Избранное
Шрифт:
Они следили за поездом, уносящимся огнедышащим черным драконом. Вслед за поездом полетели в Пекин их сердца. Целую вечность стояли они там и смотрели — и молчали. Говорили их души:
— Как прекрасна наша страна, как велика наша партия! Пусть нагромождены горы клеветы и поклепов, наша партия, как легендарный Юйгун, сумеет сбросить их в море. Пусть разлиты океаны грязи и наветов, наша партия осушит их, как легендарная птица Цзинвэй. Пусть выйдет из употребления это старомодное слово «компривет», пусть даже люди забудут это слово, пришедшее из другого времени, но позвольте нам еще раз воспользоваться им и обратиться с комприветом к товарищам Хуа Гофэну, Е Цзяньину, Дэн Сяопину! С комприветом, товарищи коммунисты всей страны! С комприветом, коммунисты всего мира, — с комприветом!
Не впустую прошли двадцать с лишним лет, не зря платили мы за опыт. И сегодня с комприветом из времен большевистских битв к бойцам партии обращаются уже не дети — мы осознали
«С Интернационалом воспрянет род людской!»
РАССКАЗЫ
ВОЗДУШНЫЙ ЗМЕЙ И ЛЕНТА
Белым по красному — «Да здравствует великая Китайская Народная Республика!», восклицательный знак тесно прижался к иероглифам, а рядом аршинные изображения ложек, вилок, ножей, прочей столовой утвари марки «Треугольник», тут же — реклама роялей «Море звезд», чемоданов «Великая стена», свитеров «Белоснежный лотос», карандашей «Золотая рыбка»… Почтительно склонился к ним фонарь, щедро обливая светом, и они отвечают глянцевитой улыбкой. Точеные тени чахлого, но полного достоинства тополька и приятельски перешептывающихся растрепанных кипарисов, большого и маленького, накрывают зеленую травку, поникшую под западным ветром.
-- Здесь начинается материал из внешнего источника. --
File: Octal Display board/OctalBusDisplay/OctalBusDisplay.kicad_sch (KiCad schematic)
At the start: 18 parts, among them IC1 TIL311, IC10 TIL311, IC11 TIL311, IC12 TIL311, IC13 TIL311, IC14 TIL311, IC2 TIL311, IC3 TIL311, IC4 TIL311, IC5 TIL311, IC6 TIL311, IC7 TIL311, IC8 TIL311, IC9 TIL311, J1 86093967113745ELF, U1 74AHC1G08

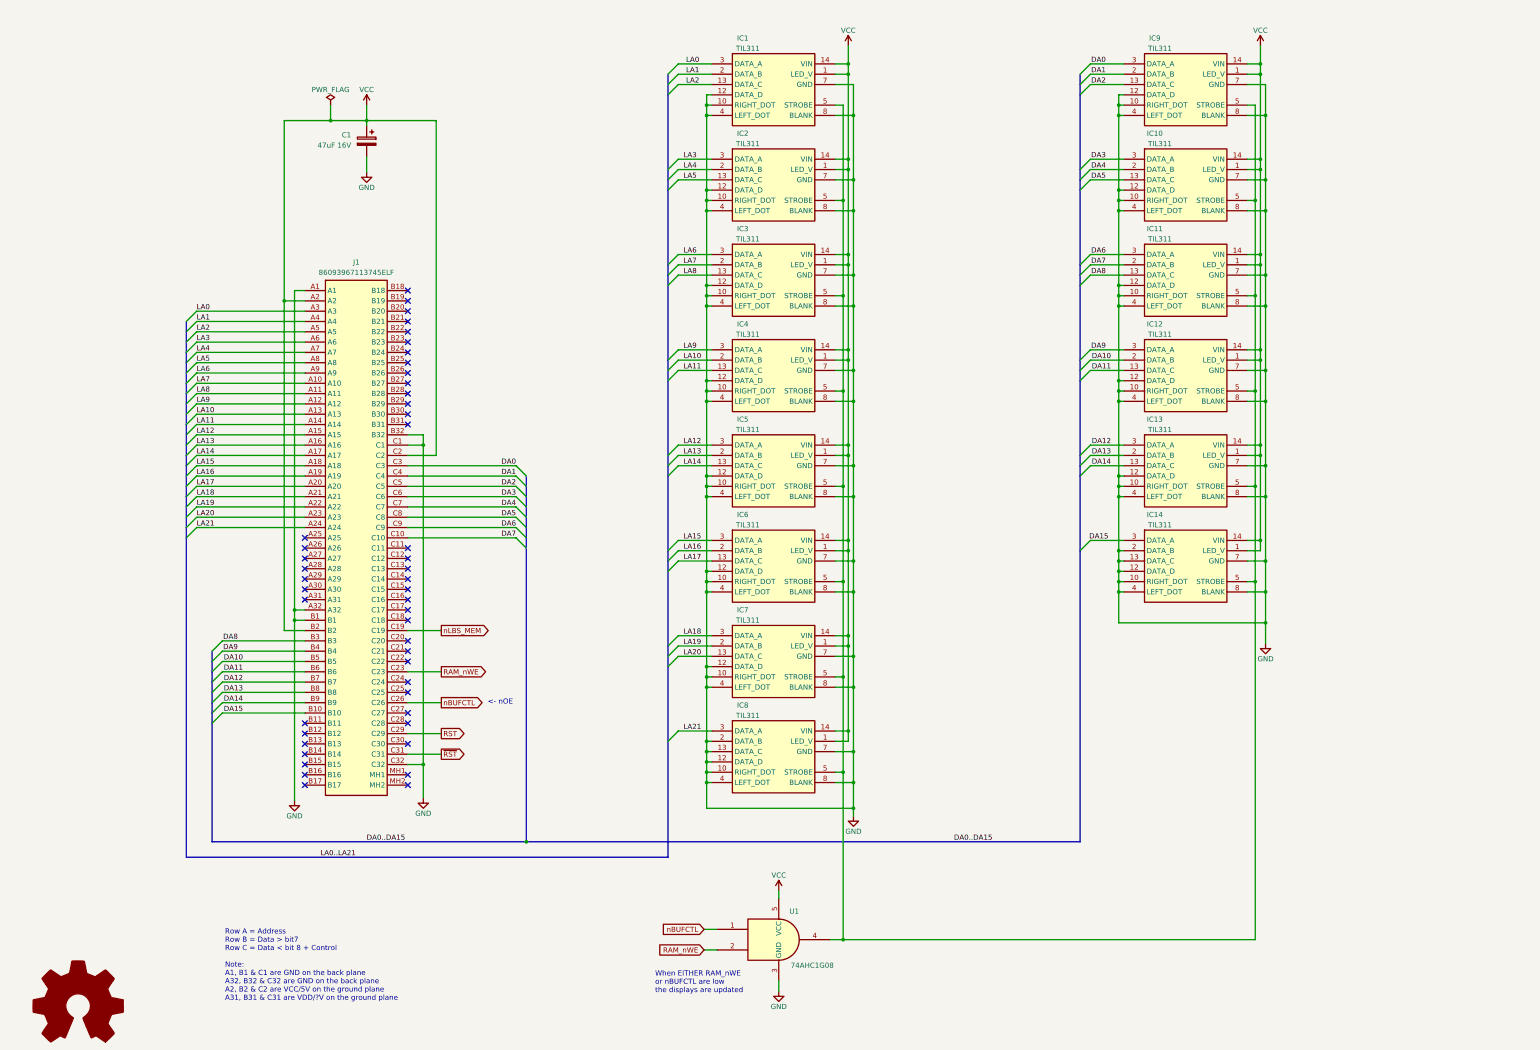
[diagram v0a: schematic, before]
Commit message: Added 16x16 dotmatrix display PCB and test code
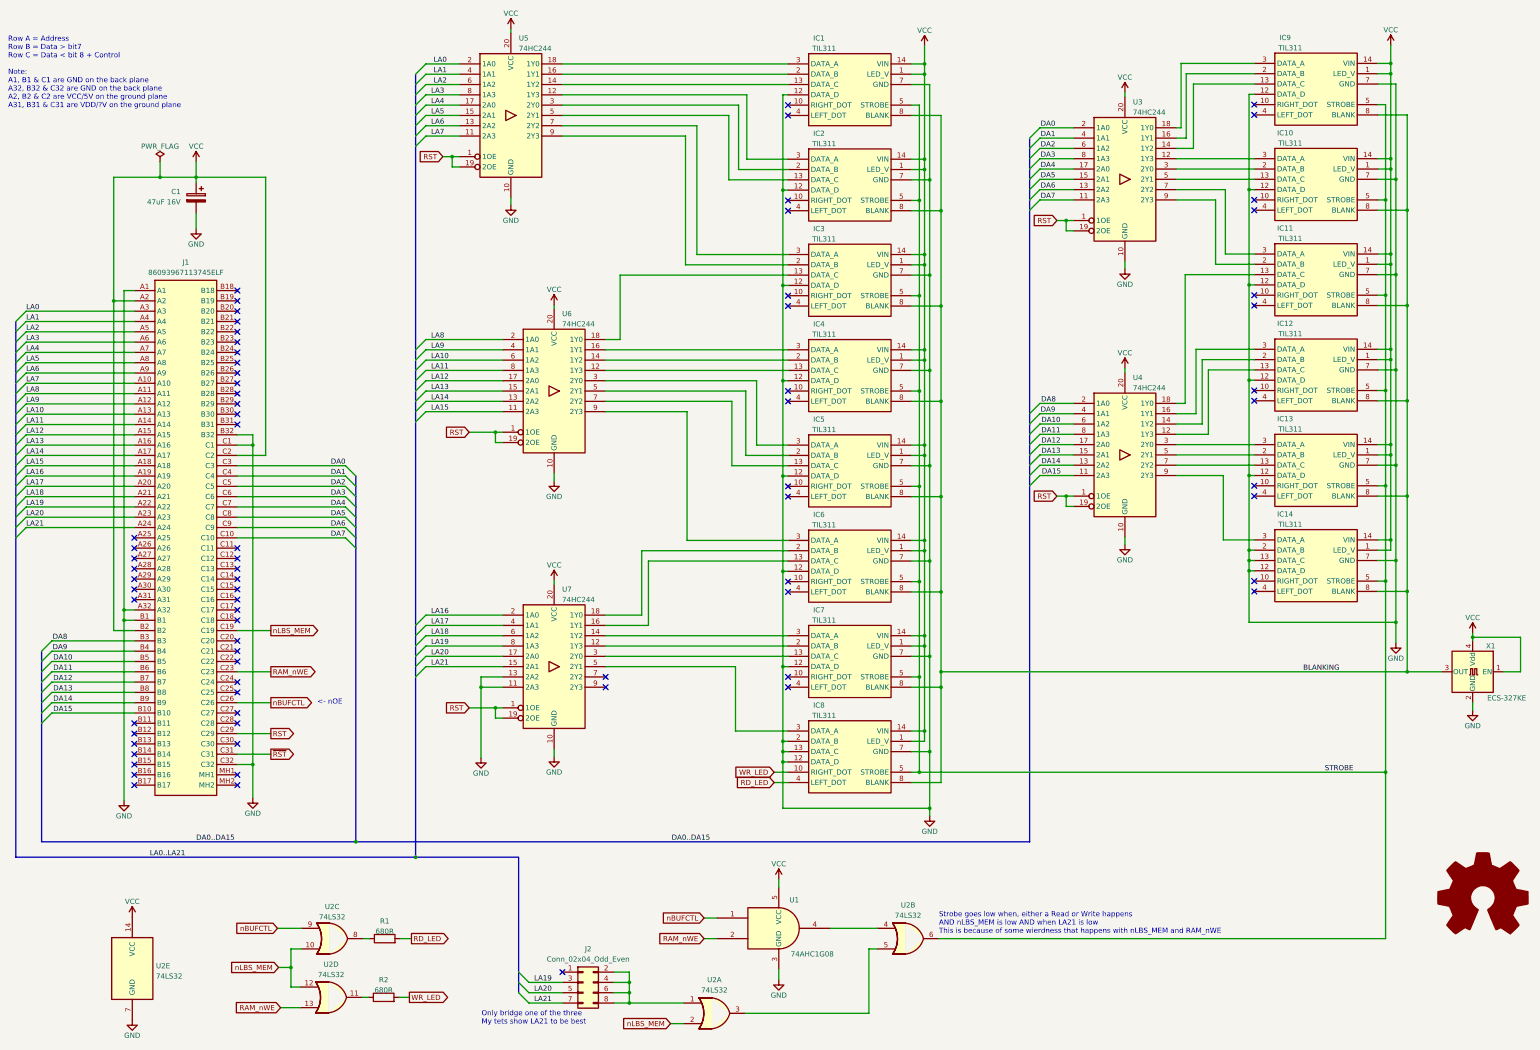
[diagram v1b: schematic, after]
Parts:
- added J2: Conn_02x04_Odd_Even, Package_SO:SSOP-8_2.95x2.8mm_P0.65mm, symbol Connector_Generic:Conn_02x04_Odd_Even
- added R1, R2: 680R, Resistor_SMD:R_0603_1608Metric, symbol Device:R
- added U2: 74LS32, Package_SO:SOIC-14_3.9x8.7mm_P1.27mm, symbol 74xx:74LS32
- added U3, U4, U5, U6, U7: 74HC244, Package_SO:SOIC-20W_7.5x12.8mm_P1.27mm, symbol 74xx:74HC244
- added X1: ECS-327KE, Oscillator:Oscillator_SMD_Abracon_ASE-4Pin_3.2x2.5mm, symbol Oscillator:ASE-xxxMHz
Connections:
- net DA0: now also U3.2 (1A0); no longer IC9.3 (DATA_A)
- net DA1: now also U3.4 (1A1); no longer IC9.2 (DATA_B)
- net DA10: now also U4.6 (1A2); no longer IC12.2 (DATA_B)
- net DA11: now also U4.8 (1A3); no longer IC12.13 (DATA_C)
- net DA12: now also U4.17 (2A0); no longer IC13.3 (DATA_A)
- net DA13: now also U4.15 (2A1); no longer IC13.2 (DATA_B)
- net DA14: now also U4.13 (2A2); no longer IC13.13 (DATA_C)
- net DA15: now also U4.11 (2A3); no longer IC14.3 (DATA_A)
- net DA2: now also U3.6 (1A2); no longer IC9.13 (DATA_C)
- net DA3: now also U3.8 (1A3); no longer IC10.3 (DATA_A)
- net DA4: now also U3.17 (2A0); no longer IC10.2 (DATA_B)
- net DA5: now also U3.15 (2A1); no longer IC10.13 (DATA_C)
- net DA6: now also U3.13 (2A2); no longer IC11.3 (DATA_A)
- net DA7: now also U3.11 (2A3); no longer IC11.2 (DATA_B)
- net DA8: now also U4.2 (1A0); no longer IC11.13 (DATA_C)
- net DA9: now also U4.4 (1A1); no longer IC12.3 (DATA_A)
- net GND: now also U2.7 (GND), U3.10 (GND), U4.10 (GND), U5.10 (GND), U6.10 (GND), U7.10 (GND), U7.11 (2A3), U7.13 (2A2), X1.2 (GND); no longer IC1.10 (RIGHT_DOT), IC1.4 (LEFT_DOT), IC1.8 (BLANK), IC10.10 (RIGHT_DOT), IC10.4 (LEFT_DOT), IC10.8 (BLANK), IC11.10 (RIGHT_DOT), IC11.4 (LEFT_DOT), IC11.8 (BLANK), IC12.10 (RIGHT_DOT), IC12.4 (LEFT_DOT), IC12.8 (BLANK), IC13.10 (RIGHT_DOT), IC13.4 (LEFT_DOT), IC13.8 (BLANK), IC14.10 (RIGHT_DOT), IC14.4 (LEFT_DOT), IC14.8 (BLANK), IC2.10 (RIGHT_DOT), IC2.4 (LEFT_DOT), IC2.8 (BLANK), IC3.10 (RIGHT_DOT), IC3.4 (LEFT_DOT), IC3.8 (BLANK), IC4.10 (RIGHT_DOT), IC4.4 (LEFT_DOT), IC4.8 (BLANK), IC5.10 (RIGHT_DOT), IC5.4 (LEFT_DOT), IC5.8 (BLANK), IC6.10 (RIGHT_DOT), IC6.4 (LEFT_DOT), IC6.8 (BLANK), IC7.10 (RIGHT_DOT), IC7.4 (LEFT_DOT), IC7.8 (BLANK), IC8.10 (RIGHT_DOT), IC8.4 (LEFT_DOT), IC8.8 (BLANK), IC9.10 (RIGHT_DOT), IC9.4 (LEFT_DOT), IC9.8 (BLANK)
- net LA0: now also U5.2 (1A0); no longer IC1.3 (DATA_A)
- net LA1: now also U5.4 (1A1); no longer IC1.2 (DATA_B)
- net LA10: now also U6.6 (1A2); no longer IC4.2 (DATA_B)
- net LA11: now also U6.8 (1A3); no longer IC4.13 (DATA_C)
- net LA12: now also U6.17 (2A0); no longer IC5.3 (DATA_A)
- net LA13: now also U6.15 (2A1); no longer IC5.2 (DATA_B)
- net LA14: now also U6.13 (2A2); no longer IC5.13 (DATA_C)
- net LA15: now also U6.11 (2A3); no longer IC6.3 (DATA_A)
- net LA16: now also U7.2 (1A0); no longer IC6.2 (DATA_B)
- net LA17: now also U7.4 (1A1); no longer IC6.13 (DATA_C)
- net LA18: now also U7.6 (1A2); no longer IC7.3 (DATA_A)
- net LA19: now also J2.3 (Pin_3), U7.8 (1A3); no longer IC7.2 (DATA_B)
- net LA2: now also U5.6 (1A2); no longer IC1.13 (DATA_C)
- net LA20: now also J2.5 (Pin_5), U7.17 (2A0); no longer IC7.13 (DATA_C)
- net LA21: now also J2.7 (Pin_7), U7.15 (2A1); no longer IC8.3 (DATA_A)
- net LA3: now also U5.8 (1A3); no longer IC2.3 (DATA_A)
- net LA4: now also U5.17 (2A0); no longer IC2.2 (DATA_B)
- net LA5: now also U5.15 (2A1); no longer IC2.13 (DATA_C)
- net LA6: now also U5.13 (2A2); no longer IC3.3 (DATA_A)
- net LA7: now also U5.11 (2A3); no longer IC3.2 (DATA_B)
- net LA8: now also U6.2 (1A0); no longer IC3.13 (DATA_C)
- net LA9: now also U6.4 (1A1); no longer IC4.3 (DATA_A)
- net RAM_nWE: now also U2.13
- net RST: now also U3.1 (1OE), U3.19 (2OE), U4.1 (1OE), U4.19 (2OE), U5.1 (1OE), U5.19 (2OE), U6.1 (1OE), U6.19 (2OE), U7.1 (1OE), U7.19 (2OE)
- net VCC: now also U2.14 (VCC), U3.20 (VCC), U4.20 (VCC), U5.20 (VCC), U6.20 (VCC), U7.20 (VCC), X1.1 (EN), X1.4 (Vdd)
- net nBUFCTL: now also U2.9
- net nLBS_MEM: now also U2.10, U2.12, U2.2
- net STROBE: now reaches IC1.5 (STROBE), IC10.5 (STROBE), IC11.5 (STROBE), IC12.5 (STROBE), IC13.5 (STROBE), IC14.5 (STROBE), IC2.5 (STROBE), IC3.5 (STROBE), IC4.5 (STROBE), IC5.5 (STROBE), IC6.5 (STROBE), IC7.5 (STROBE), IC8.5 (STROBE), IC9.5 (STROBE)
- net STROBE: now also U2.6; no longer U1.4
- new net: U1.4, U2.4
- new net: U2.3, U2.5
- new net: J2.2 (Pin_2), J2.4 (Pin_4), J2.6 (Pin_6), J2.8 (Pin_8), U2.1
- new net: IC7.13 (DATA_C), U7.3 (2Y0)
- new net: IC7.2 (DATA_B), U7.12 (1Y3)
- new net: IC7.3 (DATA_A), U7.14 (1Y2)
- new net: R2.1, U2.11
- new net: R1.1, U2.8
- new net: IC6.13 (DATA_C), U7.16 (1Y1)
- new net: IC6.2 (DATA_B), U7.18 (1Y0)
- new net: IC8.3 (DATA_A), U7.5 (2Y1)
- new net: IC6.3 (DATA_A), U6.9 (2Y3)
- new net: IC1.13 (DATA_C), U5.14 (1Y2)
- new net: IC1.2 (DATA_B), U5.16 (1Y1)
- new net: IC1.3 (DATA_A), U5.18 (1Y0)
- new net: IC13.13 (DATA_C), U4.7 (2Y2)
- new net: IC13.2 (DATA_B), U4.5 (2Y1)
- new net: IC13.3 (DATA_A), U4.3 (2Y0)
- new net: IC2.13 (DATA_C), U5.5 (2Y1)
- new net: IC2.2 (DATA_B), U5.3 (2Y0)
- new net: IC2.3 (DATA_A), U5.12 (1Y3)
- new net: IC4.13 (DATA_C), U6.12 (1Y3)
- new net: IC4.2 (DATA_B), U6.14 (1Y2)
- new net: IC4.3 (DATA_A), U6.16 (1Y1)
- new net: IC3.3 (DATA_A), U5.7 (2Y2)
- new net: IC3.2 (DATA_B), U5.9 (2Y3)
- new net: IC3.13 (DATA_C), U6.18 (1Y0)
- new net: IC14.3 (DATA_A), U4.9 (2Y3)
- new net: IC11.13 (DATA_C), U4.18 (1Y0)
- new net: IC11.2 (DATA_B), U3.9 (2Y3)
- new net: IC11.3 (DATA_A), U3.7 (2Y2)
- new net: IC12.13 (DATA_C), U4.12 (1Y3)
- new net: IC12.2 (DATA_B), U4.14 (1Y2)
- new net: IC12.3 (DATA_A), U4.16 (1Y1)
- new net: IC9.13 (DATA_C), U3.14 (1Y2)
- new net: IC9.2 (DATA_B), U3.16 (1Y1)
- new net: IC9.3 (DATA_A), U3.18 (1Y0)
- new net: IC10.13 (DATA_C), U3.5 (2Y1)
- new net: IC10.2 (DATA_B), U3.3 (2Y0)
- new net: IC10.3 (DATA_A), U3.12 (1Y3)
- new net: IC5.3 (DATA_A), U6.3 (2Y0)
- new net: IC5.2 (DATA_B), U6.5 (2Y1)
- new net: IC5.13 (DATA_C), U6.7 (2Y2)
- new net BLANKING: IC1.8 (BLANK), IC10.8 (BLANK), IC11.8 (BLANK), IC12.8 (BLANK), IC13.8 (BLANK), IC14.8 (BLANK), IC2.8 (BLANK), IC3.8 (BLANK), IC4.8 (BLANK), IC5.8 (BLANK), IC6.8 (BLANK), IC7.8 (BLANK), IC8.8 (BLANK), IC9.8 (BLANK), X1.3 (OUT)
- new net RD_LED: IC8.4 (LEFT_DOT), R1.2
- new net WR_LED: IC8.10 (RIGHT_DOT), R2.2
- no-connect marks 46 -> 75
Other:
- note added: "Only bridge one of the three My tets show LA21 to be best"
- note added: "Strobe goes low when, either a Read or Write happens AND nLBS_MEM is low AND when LA21 is low This is because of some wierdness that happens with nLBS_MEM and RAM_nWE"
- note removed: "When EITHER RAM_nWE or nBUFCTL are low the displays are updated"
- moved on the sheet: C1, IC1, IC10, IC11, IC12, IC13, IC14, IC2, IC3, IC4, IC5, IC6

А между притихшим газоном и шикарным рекламным стендом на пронизывающем зимнем ветру стоит она — Фань Сусу. В теплом оранжевом жакете, серых шерстяных брючках со стрелками, в черных туфельках на низком каблуке. Белоснежный шарф, точно пушок на груди у ласточки, обвивает шею, оттеняя глаза и волосы, черные как ночь.
— Давай встретимся там, у этих выскочек! — так сказала она Цзяюаню по телефону. Выскочками Фань Сусу называла рекламы — новых идолов, неожиданно возникших повсюду. И притягивающих, и настораживающих.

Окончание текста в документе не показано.